Each line in the data must be reproduced as written, except for any picture.

DATASET
* * *
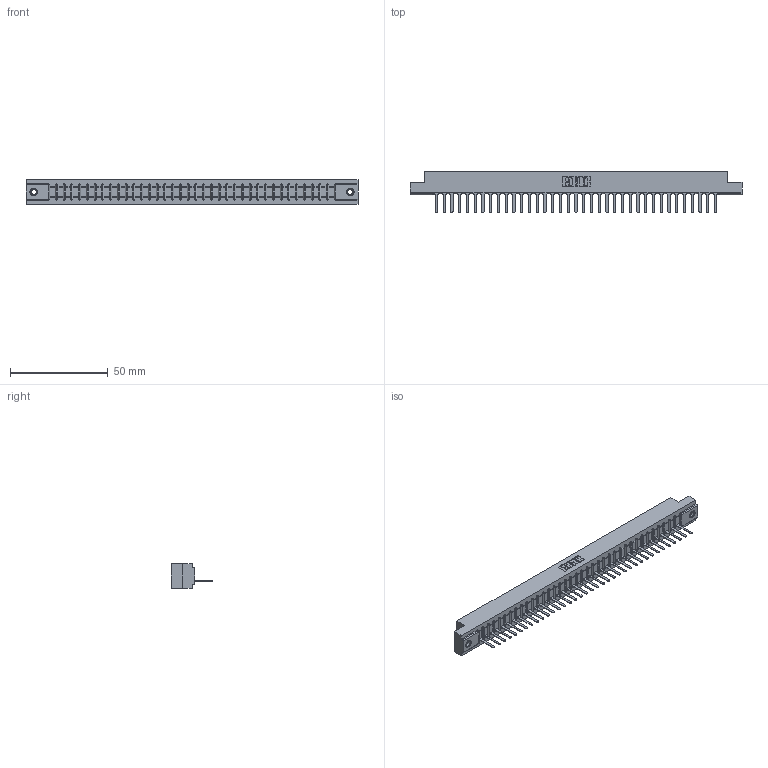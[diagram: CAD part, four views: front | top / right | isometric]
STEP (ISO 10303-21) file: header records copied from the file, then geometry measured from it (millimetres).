
FILE_DESCRIPTION (( 'STEP AP203' ), '1' );
FILE_NAME ('357-037-427-107.STEP', '2020-10-02T18:19:50', ( '' ), ( '' ), 'SwSTEP 2.0', 'SolidWorks 2020', '' );
FILE_SCHEMA (( 'CONFIG_CONTROL_DESIGN' ));
Length unit declared in the file: inch
Products named in the file (4): 307-290-001_527; 307 Part_.156 Dia Mounting Holes; 345-250-001_345-250-005-103; 357-037-427-107
Assembly tree (40 placements, depth 2):
  357-037-427-107
    307 Part_.156 Dia Mounting Holes
    307-290-001_527  x37
    345-250-001_345-250-005-103  x2
Bounding box: 169.62 x 21.11 x 12.7 mm (x, y, z)
Volume: 17590.6 mm3; surface area: 18725.1 mm2
Topology: 40 solids, 40 shells, 2288 faces, 6453 edges, 4142 vertices
Faces by surface type: plane 1471, cylinder 725, sphere 76, cone 12, torus 4
Entity records: 33489 total; most frequent: CARTESIAN_POINT 5619, ORIENTED_EDGE 5598, DIRECTION 5477, EDGE_CURVE 2799, LINE 2145, VECTOR 2145, VERTEX_POINT 1808, AXIS2_PLACEMENT_3D 1666
* * *
WRITTEN ANSWER
[diagram: CAD part, four views: front | top / right | isometric]
STEP (ISO 10303-21) file: header records copied from the file, then geometry measured from it (millimetres).
FILE_DESCRIPTION (( 'STEP AP203' ), '1' );
FILE_NAME ('357-037-427-107.STEP', '2020-10-02T18:19:50', ( '' ), ( '' ), 'SwSTEP 2.0', 'SolidWorks 2020', '' );
FILE_SCHEMA (( 'CONFIG_CONTROL_DESIGN' ));
Length unit declared in the file: inch
Products named in the file (4): 307-290-001_527; 307 Part_.156 Dia Mounting Holes; 345-250-001_345-250-005-103; 357-037-427-107
Assembly tree (40 placements, depth 2):
  357-037-427-107
    307 Part_.156 Dia Mounting Holes
    307-290-001_527  x37
    345-250-001_345-250-005-103  x2
Bounding box: 169.62 x 21.11 x 12.7 mm (x, y, z)
Volume: 17590.6 mm3; surface area: 18725.1 mm2
Topology: 40 solids, 40 shells, 2288 faces, 6453 edges, 4142 vertices
Faces by surface type: plane 1471, cylinder 725, sphere 76, cone 12, torus 4
Entity records: 33489 total; most frequent: CARTESIAN_POINT 5619, ORIENTED_EDGE 5598, DIRECTION 5477, EDGE_CURVE 2799, LINE 2145, VECTOR 2145, VERTEX_POINT 1808, AXIS2_PLACEMENT_3D 1666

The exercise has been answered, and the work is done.